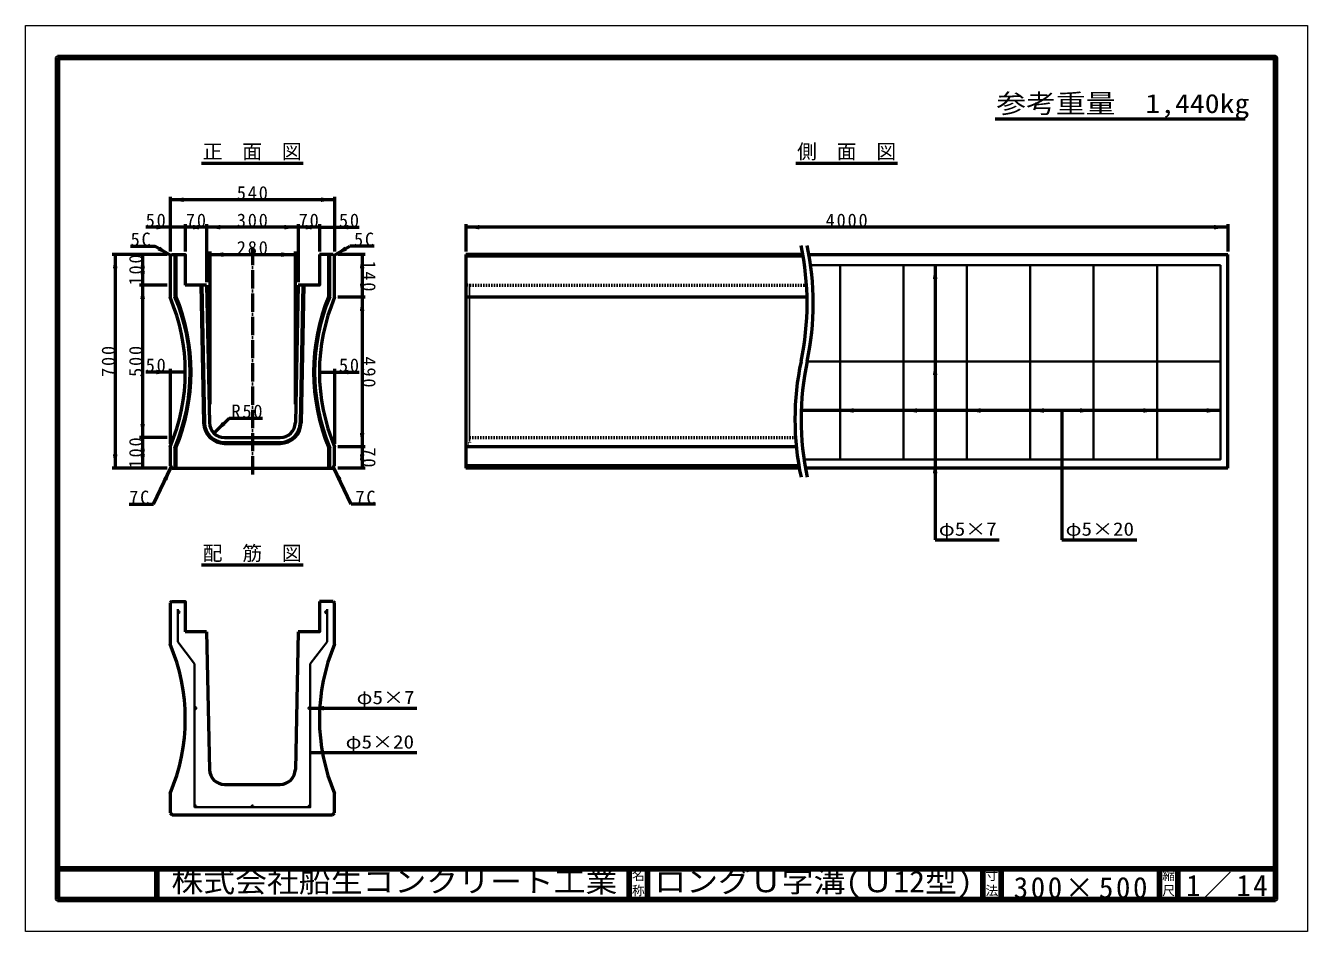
# Model space of a CAD drawing. Units: millimetres, scale not verified. Extents: x -2102 to 2102, y -1485 to 1485.
import ezdxf
from ezdxf.enums import TextEntityAlignment as Align

# ---------------------------------------------------------------- set-up
doc = ezdxf.new("R2010")
doc.units = ezdxf.units.MM
doc.header["$LTSCALE"] = 5
doc.linetypes.add('DOTTED', pattern=[1.75, 0.25, -1.5])
doc.linetypes.add('LONG_DASHED_DOTTED', pattern=[15.25, 12, -1.5, 0.25, -1.5])
doc.layers.add('0-0_V-nasSTD', color=7, linetype='Continuous', lineweight=50)
doc.layers.add('0-1_0', color=7, linetype='Continuous', lineweight=50)
doc.styles.add('ＭＳ ゴシック', font='')
doc.styles.get('ＭＳ ゴシック').set_extended_font_data('MS Gothic')

msp = doc.modelspace()

# ---------------------------------------------------------------- linework, layer by layer
at = {"layer": '0-0_V-nasSTD', "lineweight": 100}
for p, q in [((-1997.5, 1380), (-1997.5, -1380)), ((-1997.5, -1280), (1997.5, -1280)), ((-1672.5, -1280), (-1672.5, -1380)), ((-122.5, -1280), (-122.5, -1380)), ((-62.5, -1280), (-62.5, -1380)), ((1037.5, -1280), (1037.5, -1380)), ((1097.5, -1280), (1097.5, -1380)), ((1617.5, -1280), (1617.5, -1380)), ((1677.5, -1280), (1677.5, -1380)), ((-1997.5, -1380), (1997.5, -1380))]:
    msp.add_line(p, q, dxfattribs=at)
at = {"layer": '0-0_V-nasSTD'}
for p, q in [((-1628.654, 924.105), (-1628.654, 744.105)), ((-1088.654, 914.105), (-1628.654, 914.105)), ((-1088.654, 924.105), (-1088.654, 744.105)), ((-1628.654, 824.105), (-1708.654, 824.105)), ((-1578.654, 824.105), (-1628.654, 824.105)), ((-1578.654, 834.105), (-1578.654, 744.105)), ((-1508.654, 824.105), (-1578.654, 824.105)), ((-1508.654, 834.105), (-1508.654, 644.105)), ((-1208.654, 824.105), (-1508.654, 824.105)), ((-1208.654, 834.105), (-1208.654, 644.105)), ((-1138.654, 824.105), (-1208.654, 824.105)), ((-1138.654, 834.105), (-1138.654, 744.105)), ((-658.654, 834.105), (-658.654, 744.105)), ((1841.346, 824.105), (-658.654, 824.105)), ((1841.346, 834.105), (1841.346, 744.105)), ((-1758.116, 761.605), (-1678.116, 761.605)), ((-1626.154, 731.605), (-1678.116, 761.605)), ((-1091.154, 731.605), (-1039.193, 761.605)), ((-959.193, 761.605), (-1039.193, 761.605)), ((-1638.654, 734.105), (-1818.654, 734.105)), ((-1808.654, 734.105), (-1808.654, 34.105)), ((-1718.654, 734.105), (-1718.654, 634.105)), ((-1623.654, 734.105), (-1628.654, 729.105)), ((-1628.654, 729.105), (-1628.654, 594.105)), ((-1612.654, 734.105), (-1612.654, 597.349)), ((-1609.654, 734.105), (-1609.654, 597.952)), ((-1498.655, 744.105), (-1498.655, 244.105)), ((-1498.655, 734.105), (-1218.655, 734.105)), ((-1218.655, 744.105), (-1218.655, 244.105)), ((-1093.654, 734.105), (-1138.654, 734.105)), ((-1107.654, 597.952), (-1107.654, 734.105)), ((-1104.654, 597.349), (-1104.654, 734.105)), ((-1093.654, 734.105), (-1088.654, 729.105)), ((-1088.654, 594.105), (-1088.654, 729.105)), ((-988.654, 734.105), (-1078.654, 734.105)), ((-998.654, 734.105), (-998.654, 594.105)), ((-658.654, 734.105), (-658.654, 34.105)), ((447.209, 734.105), (-658.654, 734.105)), ((448.085, 729.105), (-658.654, 729.105)), ((467.209, 734.105), (1841.346, 734.105)), ((1841.346, 34.105), (1841.346, 734.105)), ((881.346, 699.105), (881.346, -200.895)), ((-1638.654, 634.105), (-1728.654, 634.105)), ((-1718.654, 634.105), (-1718.654, 134.105)), ((-1508.654, 634.105), (-1578.654, 634.105)), ((-1527.658, 634.105), (-1518.63, 182.725)), ((-1524.657, 634.105), (-1515.631, 182.785)), ((-1508.654, 634.105), (-1499.634, 183.105)), ((-1208.654, 634.105), (-1217.674, 183.105)), ((-1192.651, 634.105), (-1201.677, 182.785)), ((-1189.65, 634.105), (-1198.678, 182.725)), ((-988.654, 594.105), (-1078.654, 594.105)), ((-998.654, 594.105), (-998.654, 104.105)), ((461.127, 594.105), (-658.654, 594.105)), ((-1628.654, 349.105), (-1708.654, 349.105)), ((-1628.654, 359.105), (-1628.654, 114.105)), ((-1578.654, 349.105), (-1628.654, 349.105)), ((-1138.654, 349.105), (-1088.654, 349.105)), ((-1088.654, 359.105), (-1088.654, 114.105)), ((-1088.654, 349.105), (-1008.654, 349.105)), ((1817.346, 223.105), (441.807, 223.105)), ((1297.346, 223.105), (1297.346, -200.895)), ((-1484.644, 148.398), (-1435.147, 197.895)), ((-1435.147, 197.895), (-1325.147, 197.895)), ((-1638.654, 134.105), (-1728.654, 134.105)), ((-1718.654, 134.105), (-1718.654, 34.105)), ((-1449.644, 134.105), (-1267.664, 134.105)), ((-1628.654, 104.105), (-1628.654, 41.105)), ((-1612.654, 100.861), (-1612.654, 34.105)), ((-1609.654, 100.257), (-1609.654, 34.105)), ((-1449.644, 118.105), (-1267.664, 118.105)), ((-1449.644, 115.105), (-1267.664, 115.105)), ((-1107.654, 34.105), (-1107.654, 100.257)), ((-1104.654, 34.105), (-1104.654, 100.861)), ((-1088.654, 41.105), (-1088.654, 104.105)), ((-988.654, 104.105), (-1078.654, 104.105)), ((-998.654, 104.105), (-998.654, 34.105)), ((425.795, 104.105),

------------------------------------------------

▸ TASK
Look through the data above. Each line containing the word "ezdxf" needs to be copied.

▸ WRITTEN RESPONSE
import ezdxf
from ezdxf.enums import TextEntityAlignment as Align
doc = ezdxf.new("R2010")
doc.units = ezdxf.units.MM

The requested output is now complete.